RESENHAS BOOK REVIEWS

 

Volnei Garrafa

Cátedra UNESCO de Bioética, Universidade de Brasília, Brasília, Brasil

 

 

BIOÉTICA COTIDIANA. Giovanni Berlinguer. Brasília: Editora UnB, 2004. 280 pp.
ISBN 85-230-0741-5

Giovanni Berlinguer está entre os mais respeitados sanitaristas e bioeticistas do mundo. Com forte vínculo acadêmico, político e afetivo com o Brasil, segundo palavras de Sergio Arouca, saudoso ex-deputado e ex-presidente da Fundação Oswaldo Cruz, foi um dos principais mentores intelectuais da Reforma Sanitária Brasileira, traduzida pelos princípios norteadores do Sistema Único de Saúde (SUS) e materializadas na Constituição de 1988. Nos ásperos tempos da ditadura militar, seus livros eram lidos às escondidas, passando cuidadosamente de mão em mão. Mais recentemente, no início dos anos 90, mudou-se com armas e bagagens do campo da Saúde Pública para a Bioética, sem deixar de manter os olhos voltados para as questões ideológicas, sanitárias e coletivas que nortearam toda sua longa vida pública.

Sua vasta produção científica ultrapassa o número de 45 obras, uma dúzia delas traduzidas para o português, entre as quais Medicina e Política (1978), A Saúde nas Fábricas (1983), Reforma Sanitária — Itália e Brasil (1988, em parceria com Sonia Fleury Teixeira e Gastão Wagner de Souza Campos), A Doença (1988), Minhas Pulgas (1991) e O Mercado Humano (1996 e 2001 — 2ª edição, em parceria com Volnei Garrafa).
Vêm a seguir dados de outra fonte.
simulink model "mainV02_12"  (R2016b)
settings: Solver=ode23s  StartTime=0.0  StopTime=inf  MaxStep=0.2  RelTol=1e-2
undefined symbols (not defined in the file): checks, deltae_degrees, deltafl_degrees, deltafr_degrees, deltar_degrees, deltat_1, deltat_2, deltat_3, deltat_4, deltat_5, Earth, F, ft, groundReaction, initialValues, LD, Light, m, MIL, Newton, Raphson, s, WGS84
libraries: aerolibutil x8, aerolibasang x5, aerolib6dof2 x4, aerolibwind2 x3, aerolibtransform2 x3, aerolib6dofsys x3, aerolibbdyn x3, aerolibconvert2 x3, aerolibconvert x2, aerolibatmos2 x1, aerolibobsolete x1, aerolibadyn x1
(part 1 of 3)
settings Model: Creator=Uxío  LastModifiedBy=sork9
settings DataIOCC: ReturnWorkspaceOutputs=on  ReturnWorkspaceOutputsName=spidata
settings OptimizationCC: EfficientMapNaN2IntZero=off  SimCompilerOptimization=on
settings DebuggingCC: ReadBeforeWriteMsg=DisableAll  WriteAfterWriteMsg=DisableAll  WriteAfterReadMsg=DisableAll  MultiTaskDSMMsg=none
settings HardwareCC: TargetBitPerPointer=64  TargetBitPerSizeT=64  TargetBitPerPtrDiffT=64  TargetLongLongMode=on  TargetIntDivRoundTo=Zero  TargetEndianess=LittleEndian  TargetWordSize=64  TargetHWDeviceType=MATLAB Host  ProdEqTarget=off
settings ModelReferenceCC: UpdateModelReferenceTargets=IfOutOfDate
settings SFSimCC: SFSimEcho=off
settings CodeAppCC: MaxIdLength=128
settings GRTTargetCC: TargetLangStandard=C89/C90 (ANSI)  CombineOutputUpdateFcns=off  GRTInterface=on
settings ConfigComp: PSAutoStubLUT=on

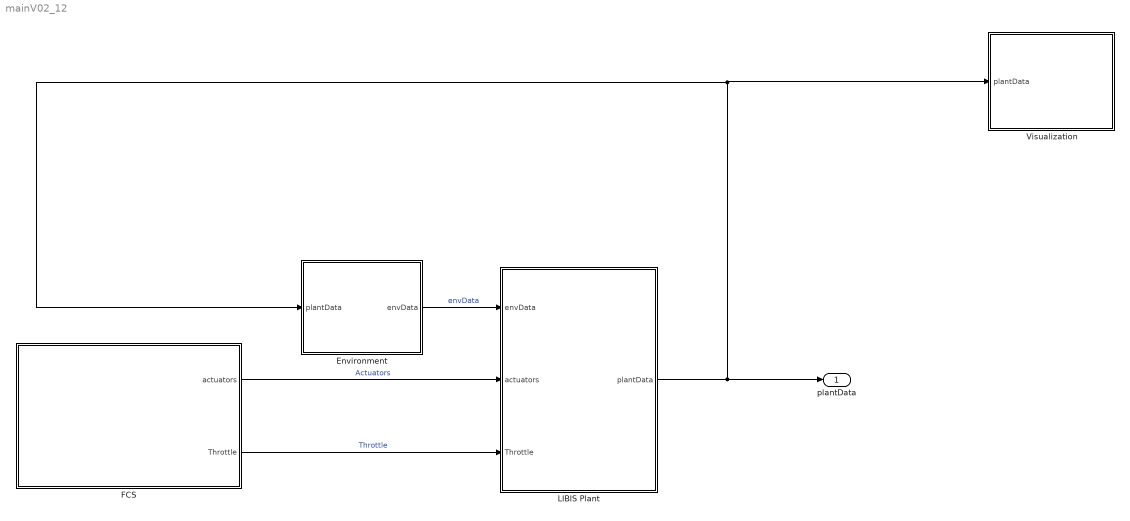
== system mainV02_12 ==
  Environment : Subsystem
      mask Display:
      | imageName='Wind.png';
      | currentPath=get_param(bdroot, 'FileName');
      | positions=strfind(currentPath,'\');
      | imagePath=strcat(currentPath(1:positions(end-1)),'graphics\',imageName);
      | image(imagePath);
  FCS : Subsystem
      mask Display:
      | imageName='FCS.png';
      | currentPath=get_param(bdroot, 'FileName');
      | positions=strfind(currentPath,'\');
      | imagePath=strcat(currentPath(1:positions(end-1)),'graphics\',imageName);
      | image(imagePath);
  LIBIS Plant : Subsystem
      mask Display:
      | imageName='LIBIS_Plant.jpg';
      | currentPath=get_param(bdroot, 'FileName');
      | positions=strfind(currentPath,'\');
      | imagePath=strcat(currentPath(1:positions(end-1)),'graphics\',imageName);
      | image(imagePath);
  Visualization : Subsystem
  plantData : Outport
  wires:
  Environment/1(envData) -> LIBIS Plant/1(envData)  "envData"
  FCS/1(actuators) -> LIBIS Plant/2(actuators)  "Actuators"
  FCS/2(Throttle) -> LIBIS Plant/3(Throttle)  "Throttle"
  LIBIS Plant/1(plantData) -> Environment/1(plantData), Visualization/1(plantData), plantData/1

== system mainV02_12/Environment ==
  plantData : Inport
  Bus Selector : BusSelector  OutputSignals=LLA.Altitude_m,X_ned,V_ned,DCM_body_earth,LLA.Latitude_deg
  COESA Atmosphere Model : aerolibatmos2/COESA Atmosphere Model  units=Metric (MKS)  spec=1976 COESA-extended U.S. Standard Atmosphere  model=Profile  profile_var=High temperature  profile_percent=1%  profile_alt=5 km (16404 ft)  envelope_var=High temperature  envelope_percent=1%  action=Warning
  Gravity in Earth Axes : Gain  Gain=[0 0 LD.Inertia.mass]  SaturateOnIntegerOverflow=on  OutDataTypeStr=Inherit: Same as input  ParamDataTypeStr=Inherit: Same as input
  Math Function : Math  Operator=transpose  SaturateOnIntegerOverflow=on
  Reshape : Reshape
  Reshape1 : Reshape
  Terrain : Subsystem
  To Body Axes : Product  Multiplication=Matrix(*)  SaturateOnIntegerOverflow=on  InputSameDT=on  OutDataTypeStr=Inherit: Same as first input
  To Body Axes1 : Product  Multiplication=Matrix(*)  SaturateOnIntegerOverflow=on  InputSameDT=on  OutDataTypeStr=Inherit: Same as first input
  WGS84 Gravity Model : aerolibobsolete/WGS84 Gravity Model  model=WGS84 Taylor Series  units=Metric (MKS)  no_atmos=on  precessing=on  month=February  day=1  year=2000  no_centrifugal=on  action=Warning
  Wind Models : Subsystem
  envDataBus : BusCreator  Inputs='h_ground','Fground','windVelocity','windOmega','T','a','P','AirDensity','Fgravity'  OutDataTypeStr=Bus: envDataBus  NonVirtualBus=on
  envData : Outport  InitialOutput=0
  wires:
  [Altitude] -> COESA Atmosphere Model/1
  Bus Selector/4 -> To Body Axes/1, Wind Models/3(DCM_be), To Body Axes1/1  "<DCM_body_earth>"
  Bus Selector/5 -> WGS84 Gravity Model/2  "<Latitude_deg>"
  Bus Selector/3 -> Wind Models/1(Ve), Terrain/2(Ve)  "<V_ned>"
  [Altitude] -> WGS84 Gravity Model/1
  envDataBus/1 -> envData/1  "envData"
  To Body Axes/1 -> Reshape/1  "Fg"
  Wind Models/2(windOmega) -> envDataBus/4  "windOmega"
  Bus Selector/2 -> Terrain/1(Xe)  "<X_ned>"
  WGS84 Gravity Model/1 -> Gravity in Earth Axes/1
  COESA Atmosphere Model/3 -> envDataBus/7  "P"
  COESA Atmosphere Model/2 -> envDataBus/6  "a"
  Wind Models/1(windVelocity) -> envDataBus/3  "windVelocity"
  [Altitude] -> Wind Models/2(Altitude)
  COESA Atmosphere Model/1 -> envDataBus/5  "T"
  COESA Atmosphere Model/4 -> envDataBus/8  "AirDensity"
  Terrain/1(hground) -> envDataBus/1  "h_ground"
  Bus Selector/1 -> [Altitude]  "<Altitude_m>"
  Gravity in Earth Axes/1 -> Math Function/1
  Math Function/1 -> To Body Axes/2
  Reshape/1 -> envDataBus/9  "Fgravity"
  To Body Axes1/1 -> Reshape1/1  "Fground_body"
  Reshape1/1 -> envDataBus/2  "Fground"
  Terrain/2(Fground) -> To Body Axes1/2  "Fground_earth"
  plantData/1 -> Bus Selector/1

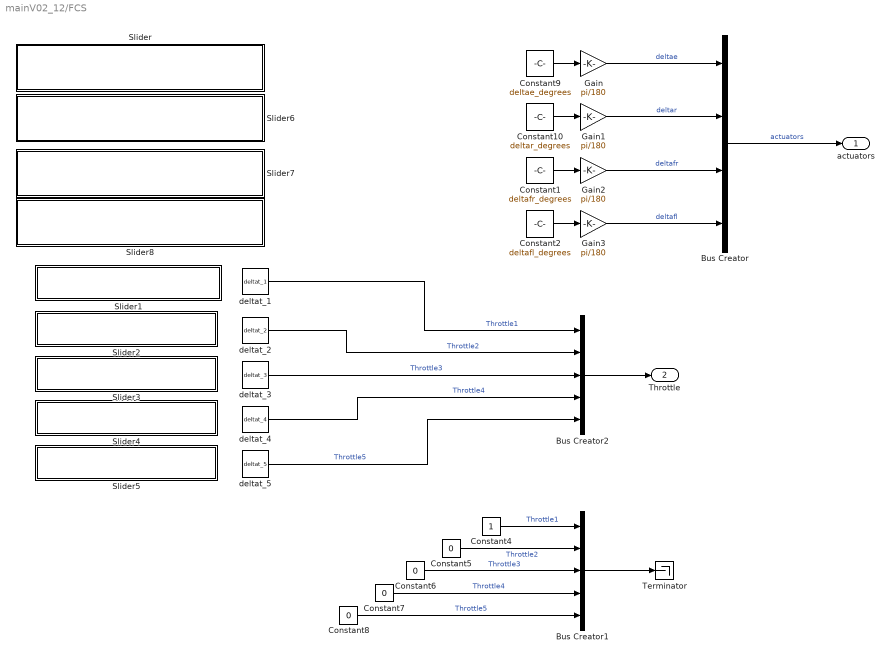
== system mainV02_12/FCS ==
  Bus Creator : BusCreator  Inputs=4
  Bus Creator1 : BusCreator  Inputs=5
  Bus Creator2 : BusCreator  Inputs=5
  Constant1 : Constant  Value=deltafr_degrees
  Constant10 : Constant  Value=deltar_degrees
  Constant2 : Constant  Value=deltafl_degrees
  Constant4 : Constant
  Constant{5..8} (4 alike) : Constant  Value=0
  Constant9 : Constant  Value=deltae_degrees
  Gain{,1..3} (4 alike) : Gain  Gain=pi/180
  Slider : Subsystem  DialogController=hmiCreateDDGDialog  IsWebBlock=on  mask(MWDashboardBlock){webBlockId=6273dd38-214f-4c77-9b1a-24b6ec7057c4, webBlockType=slider, ShowInLibBrowser=on, ShowInitialText=on, HMISrcModelName=mainV02_12}
      mask prompts: webBlockId "WebBlock Id"; webBlockType "WebBlock Type"; HMISrcModelName "Source Model"
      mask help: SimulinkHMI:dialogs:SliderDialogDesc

Bioética Cotidiana, traduzido por Lavínia Bozzo Aguilar Porciúncula e lançado pela Editora UnB em 2004, fecha um ciclo iniciado com outras duas memoráveis produções: Questões de Vida — Ética, Ciência e Saúde (1991) e Ética da Saúde (1995).

 

Biografia & histórias do autor

Berlinguer nasceu em 1924, em Sassari, na ilha italiana da Sardenha, filho de um notável advogado defensor dos direitos humanos que fez parte da resistência italiana na primeira metade do século 20, principalmente durante as duas Grandes Guerras Mundiais. Iniciou sua carreira acadêmica como professor de Medicina Social da universidade local, atividade que desenvolveu até 1974, quando assumiu a cátedra de Saúde do Trabalho na Universidade La Sapienza, em Roma, onde permaneceu até a aposentadoria compulsória, em 1999, aos 75 anos de idade. É atualmente Presidente de Honra do Comitê Nacional Italiano de Bioética e membro atuante titular do Comitê Internacional de Bioética da UNESCO (Organização das Nações Unidas para a Educação, a Cultura e a Ciência). Completou 80 anos em 9 de julho de 2004, um mês após ter sido eleito com impressionante votação como deputado italiano junto ao Parlamento Europeu. Anteriormente já havia ocupado a cadeira de deputado por três legislaturas (1972-1983) e senador em outras duas (1983-1992), sempre pelo seu velho e amado PCI (Partido Comunista Italiano). Um de seus maiores feitos no parlamento foi a relatoria da "Lei do Aborto" que, por ter sido aprovada na Itália, país fortemente católico, chamou a atenção da imprensa de todo mundo pela autoridade moral, competência e habilidade com que foi conduzida.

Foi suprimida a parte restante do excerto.